Items from a data source
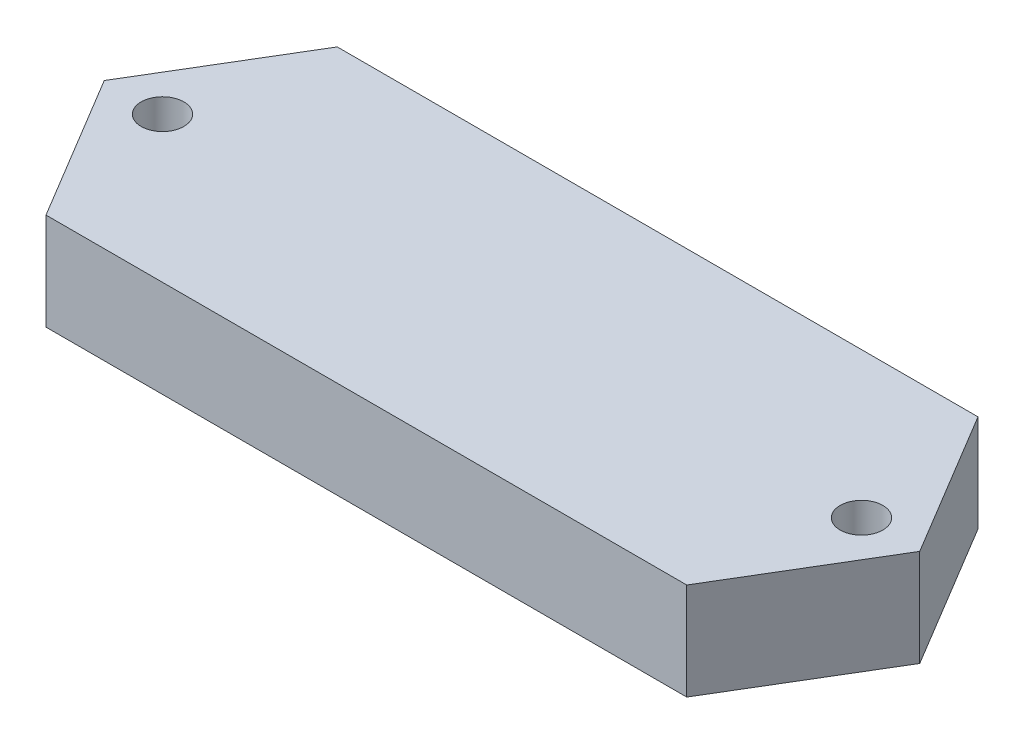
from build123d import *

# Parameters (mm, degrees)
SKETCH_1_W      = 33
SKETCH_1_H      = 15
SKETCH_1_R      = 1.1
EXTRUDE_1_DEPTH = 5


with BuildPart() as part:
    # 草图1 → 凸台-拉伸1 (new body)
    # profile 1 of 3: a face of its own
    with BuildSketch(Plane(origin=(0, 0, 0), x_dir=(1, 0, 0), z_dir=(0, 1, 0))):
        Rectangle(SKETCH_1_W, SKETCH_1_H)
    # profile 2 of 3: a face of its own
    with BuildSketch(Plane(origin=(0, 0, 0), x_dir=(1, 0, 0), z_dir=(0, 1, 0))):
        Polygon((-21, 0), (-16.5, 7.5), (-16.5, -7.5), align=None)
        with Locations(Location((-18, 0, 0), (0, 0, 270))):
            Circle(SKETCH_1_R, mode=Mode.SUBTRACT)
    # profile 3 of 3: a face of its own
    with BuildSketch(Plane(origin=(0, 0, 0), x_dir=(1, 0, 0), z_dir=(0, 1, 0))):
        Polygon((16.5, 7.5), (16.5, -7.5), (21, 0), align=None)
        with Locations(Location((18, 0, 0), (0, 0, 270))):
            Circle(SKETCH_1_R, mode=Mode.SUBTRACT)
    extrude(amount=EXTRUDE_1_DEPTH)


solid = part.part
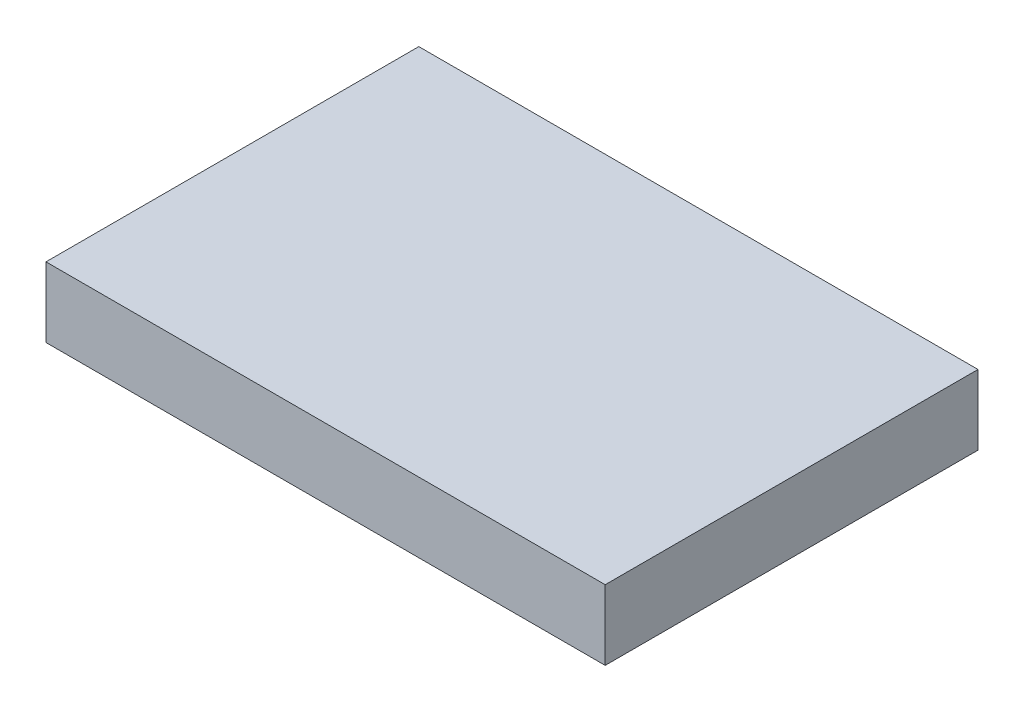
from build123d import *

# Parameters (mm, degrees)
SKETCH1_W           = 12
SKETCH1_H           = 8
BOSS_EXTRUDE1_DEPTH = 1.5


with BuildPart() as part:
    # Sketch1 → Boss-Extrude1 (new body)
    with BuildSketch(Plane(origin=(0, 0, 0), x_dir=(1, 0, 0), z_dir=(0, 1, 0))):
        with Locations((6, 4)):
            Rectangle(SKETCH1_W, SKETCH1_H)
    extrude(amount=BOSS_EXTRUDE1_DEPTH)


solid = part.part

**Your instructions**
Transcribe exactly each line of the records from the start up to and including the one with "# profile 1 of 3: a face of its own", and leave out every picture.

**Exercise result**
from build123d import *

# Parameters (mm, degrees)
SKETCH_1_W      = 33
SKETCH_1_H      = 15
SKETCH_1_R      = 1.1
EXTRUDE_1_DEPTH = 5


with BuildPart() as part:
    # 草图1 → 凸台-拉伸1 (new body)
    # profile 1 of 3: a face of its own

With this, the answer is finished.